# Can I Make Income from T-shirts Using Fulfillment Services?



## Shocked (Sep 20, 2011)

I setup a couple of shops a few years ago using Cafepress and a 3rd party website plugin so I can sell directly from my own websites. I have only created about 20-30 designs for each shop and they all fit on the home page.

Over the last 3-4 years I have sold about maybe 25 t-shirts with very little effort in marketing or SEO. 

The main problem I have and the thing that is discouraging is the profit I make from Cafepress. I looked at my reports and see I made $10 in last few months from several orders but then I see things like deductions etc and I'm left with less than $2. I can't be bothered contacting them and making a fuss over a few dollars and finding out what happened. All I know is I will need to sell a heck of a lot of t-shirts to make this worthwhile if I want to step it up. I'm guessing I make about 0.80c from each shirt after Cafgepress get their hands on my profits and after their take which seems to be about 99%.

I was considering spending several weeks deigning loads of shirts. I could create maybe hundreds of "Phrase" t-shirts with a one line sentence etc as they are easy to make in bulk. But I prefer to make art, design something nice but that takes much more time. But I feel discouraged as the profits from Cafepress are ridiculous and it's the only thing I can use on my websites. I can of course just use one of the other fulfillment services and just upload the designs to sell directly on their website for a slightly better profit. The only problem about that is I'm not building up my own brand so it's more of a short term thing. 

Anyway, I would like to hear some feedback to motivate me or to tell me that I should not bother as the profits are just not there.


----------



## tippy (May 27, 2014)

I am averaging almost $100 per month from cafepress sales with 14 designs. I don't have a website to promote these - all sales are directly from cafepress. This was a good testing grounds for my designs. Knowing people wanted to buy my style is what prompted me to purchase a sublimation setup and start making/selling them myself.
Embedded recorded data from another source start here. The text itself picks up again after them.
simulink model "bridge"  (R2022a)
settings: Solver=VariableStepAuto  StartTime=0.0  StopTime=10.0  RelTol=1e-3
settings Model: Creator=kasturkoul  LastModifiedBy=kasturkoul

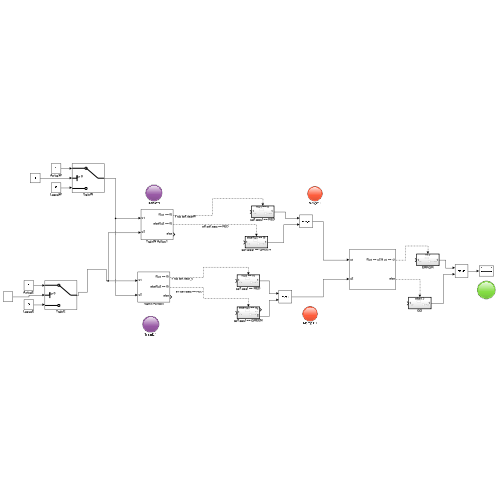
[thumbnail: Simulink's stored preview of the top-level diagram]
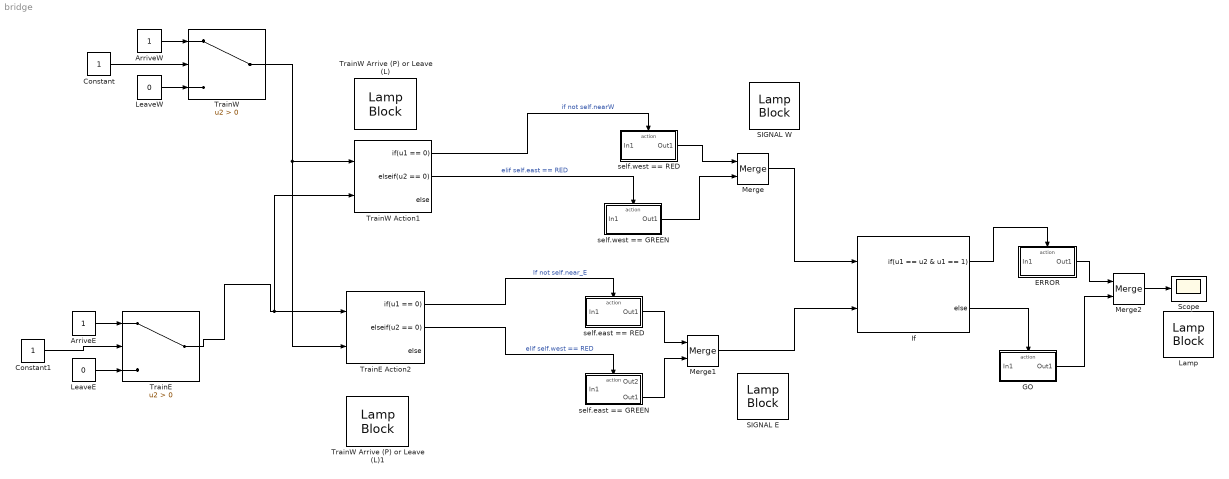
== system bridge ==
  ArriveE : Constant
  ArriveW : Constant
  Constant : Constant
  Constant1 : Constant
  ERROR : Subsystem  TreatAsAtomicUnit=on
  GO : Subsystem  TreatAsAtomicUnit=on
  If : If  NumInputs=2  IfExpression=u1 == u2 & u1 == 1
  Lamp : LampBlock  LabelPosition=Hide
  LeaveE : Constant  Value=0
  LeaveW : Constant  Value=0
  Merge : Merge
  Merge1 : Merge
  Merge2 : Merge
  SIGNAL E : LampBlock  LabelPosition=Bottom
  SIGNAL W : LampBlock  LabelPosition=Bottom
  Scope : Scope
  TrainE : Switch  Criteria=u2 > Threshold  SaturateOnIntegerOverflow=off  InputSameDT=off
  TrainE Action2 : If  NumInputs=2  IfExpression=u1 == 0  ElseIfExpressions=u2 == 0
  TrainW : Switch  Criteria=u2 > Threshold  SaturateOnIntegerOverflow=off  InputSameDT=off
  TrainW Action1 : If  NumInputs=2  IfExpression=u1 == 0  ElseIfExpressions=u2 == 0
  TrainW Arrive (P) or Leave (L) : LampBlock  LabelPosition=Bottom
  TrainW Arrive (P) or Leave (L)1 : LampBlock  LabelPosition=Bottom
  self.east == GREEN : Subsystem  TreatAsAtomicUnit=on
  self.east == RED : Subsystem  TreatAsAtomicUnit=on
  self.west == GREEN : Subsystem  TreatAsAtomicUnit=on
  self.west == RED : Subsystem  TreatAsAtomicUnit=on
  wires:
  ArriveW/1 -> TrainW/1
  LeaveW/1 -> TrainW/3
  TrainW/1 -> TrainE Action2/2, TrainW Action1/1
  Constant/1 -> TrainW/2
  TrainE/1 -> TrainE Action2/1, TrainW Action1/2
  Constant1/1 -> TrainE/2
  ArriveE/1 -> TrainE/1
  LeaveE/1 -> TrainE/3
  TrainW Action1/1 -> self.west == RED/Action  "if not self.nearW"
  TrainW Action1/2 -> self.west == GREEN/Action  "elif self.east == RED"
  TrainE Action2/1 -> self.east == RED/Action  "If not self.near_E"
  TrainE Action2/2 -> self.east == GREEN/Action  "elif self.west == RED"
  self.west == RED/1(Out1) -> Merge/1
  self.west == GREEN/1(Out1) -> Merge/2
  self.east == RED/1(Out1) -> Merge1/1
  self.east == GREEN/2(Out1) -> Merge1/2
  Merge1/1 -> If/2
  Merge/1 -> If/1
  If/1 -> ERROR/Action
  If/2 -> GO/Action
  ERROR/1(Out1) -> Merge2/1
  GO/1(Out1) -> Merge2/2
  Merge2/1 -> Scope/1

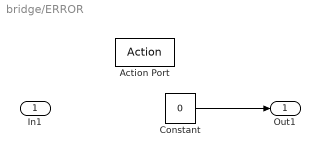
== system bridge/ERROR ==
  In1 : Inport
  Action Port : ActionPort  ActionPortLabel=if(u1 == u2 & u1 == 1)
  Constant : Constant  Value=0
  Out1 : Outport
  wires:
  Constant/1 -> Out1/1

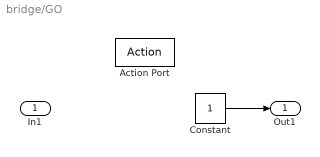
== system bridge/GO ==
  In1 : Inport
  Action Port : ActionPort  ActionPortLabel=else
  Constant : Constant
  Out1 : Outport
  wires:
  Constant/1 -> Out1/1

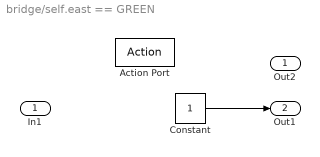
== system bridge/self.east == GREEN ==
  In1 : Inport
  Action Port : ActionPort  ActionPortLabel=elseif(u2 == 0)
  Constant : Constant
  Out2 : Outport
  Out1 : Outport  Port=2
  wires:
  Constant/1 -> Out1/1

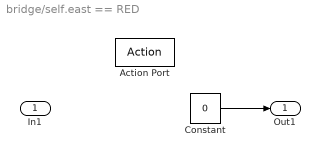
== system bridge/self.east == RED ==
  In1 : Inport
  Action Port : ActionPort  ActionPortLabel=if(u1 == 0)
  Constant : Constant  Value=0
  Out1 : Outport
  wires:
  Constant/1 -> Out1/1

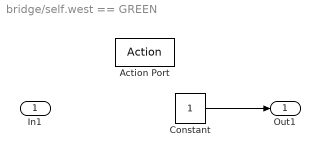
== system bridge/self.west == GREEN ==
  In1 : Inport
  Action Port : ActionPort  ActionPortLabel=elseif(u2 == 0)
  Constant : Constant
  Out1 : Outport
  wires:
  Constant/1 -> Out1/1

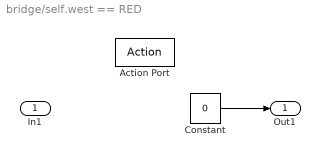
== system bridge/self.west == RED ==
  In1 : Inport
  Action Port : ActionPort  ActionPortLabel=if(u1 == 0)
  Constant : Constant  Value=0
  Out1 : Outport
  wires:
  Constant/1 -> Out1/1

The "trick" is finding designs that people want to buy.


----------



## tchandler52 (Sep 17, 2012)

T-shirt fulfillment can be very profitable and good because you don't need to keep inventory for items you might not sale.


----------



## Skinbus (Jul 2, 2007)

Considering the time it takes to do the designs, unless you're only doing slogans can be time consuming for little profit unless you find a niche for yourself, or promote yourself in any way possible. Legally, of course & even then, if your designs don't appeal to the masses, you'll make some money but don't plan on retiring with it. IMO the products are already overpriced before you add your royalty. Some shirts I've seen are $30 or more. How many t-shirts would you pay $30 for unless as a gift. I have a store with a certain company but IMO, most but the basic shirts are overpriced & allow for not much more than a 10% profit to keep them in a decent price range that people will consider paying. 10% for all your work & time is barely worth the effort unless you're doing it as nothing more than a hobby. The sites have a million other "designers" doing the same thing. Your products are seen worldwide which is a pretty big deal but even then, with so many people involved you won't get a great deal of exposure from their marketplaces. You have to do a lot of self promotion using social media, facebook etc. or other ways to have your products seen. That's just the nature of the beast. My store revolves around humorous sarcasm with slogans & art of the same type, but there aren't a whole lot of people who "get" my sense of humor so my sales aren't great, but every sale brings a lot of satisfaction because you won't find most of my products anywhere else on the internet because they're pretty much 1 of a kind, which can be good, but that's not really what it's about. Obviously, $$$$ is the bottom line. So if your products don't appeal to the masses, don't expect to get rich. Only you can decide if it's worth the time & effort.


----------



## Theprintbar (Nov 13, 2010)

You definitely can! We have a range of stores who we (Print Bar) secretly print for in Australia, and one of them makes a commission of over $9000 a month. Just need a good fulfilment centre, good quality product and a good commission rate on the printed t shirts


----------



## Shocked (Sep 20, 2011)

thanks for the feedback do far and I will consider all the points raised.

On the point about t-shirts over priced. Yes I think that is one of the major problems for me. People expect to get things cheaper online most of the time but some probably don't mind paying for something that they really want and can't find anywhere else. I'm currently traveling though Asia and I can buy really fancy printed t-shirts at the department stores here which are actually even more expensive than the markets and I can pick up t-shirts for less then $5. Also back in my home country Australia I can also buy similar t-shirts at Kmart & Target for the same price on sale. Yes I know there are probably another 20+ of the same shirts sold and they are not as good as getting more original designs but the point is that t-shirts in general have become a lot cheaper in recent years and even $20 for a better t-shirt is pushing it these days. When places like Cafépress cost $20+ for me to have a design printed then I can't make much profit off it as it's already over priced.

I do believe those that say they are making some reasonable money but I think it takes a lot of work to get to that point. I will probably just keep putting out the odd design here and there but I have my doubts now that this is something I can consider to be my primary income source in the future.


----------



## LucasWorx (Aug 28, 2012)

Hi Printbar,
Could you direct me to the website of the company that made $9000 in commission in a month? I haven't had any success on Spread Shirt, and I would really like to learn how successful people are designing their shirts.

Thank you.


----------



## Skinbus (Jul 2, 2007)

"I think it takes a lot of work to get to that point?" I don't mind doing the work but being paid 10 cents on the dollar for a design is robbery & an insult to artistry. Some will say "if you don't like it, don't do it" which is the standard of employers who say, "just be glad you have a job."


----------



## ajspin (Apr 10, 2008)

Just Sent PM


----------



## djque (Feb 5, 2013)

Why not order plastisol transfers and press them yourself open a etsy or pinterest acount and sell them yourself keep all the profit. These companys are a ripoff. and time will tell.


----------



## Pressera (Jun 11, 2015)

Skinbus said:


> "I think it takes a lot of work to get to that point?" I don't mind doing the work but being paid 10 cents on the dollar for a design is robbery & an insult to artistry. Some will say "if you don't like it, don't do it" which is the standard of employers who say, "just be glad you have a job."


Have you ever tried Print-on-demand companies' fulfilment services ? Your profit would be much more higher and you would also be able to have your own brand and own e-commerce store.


----------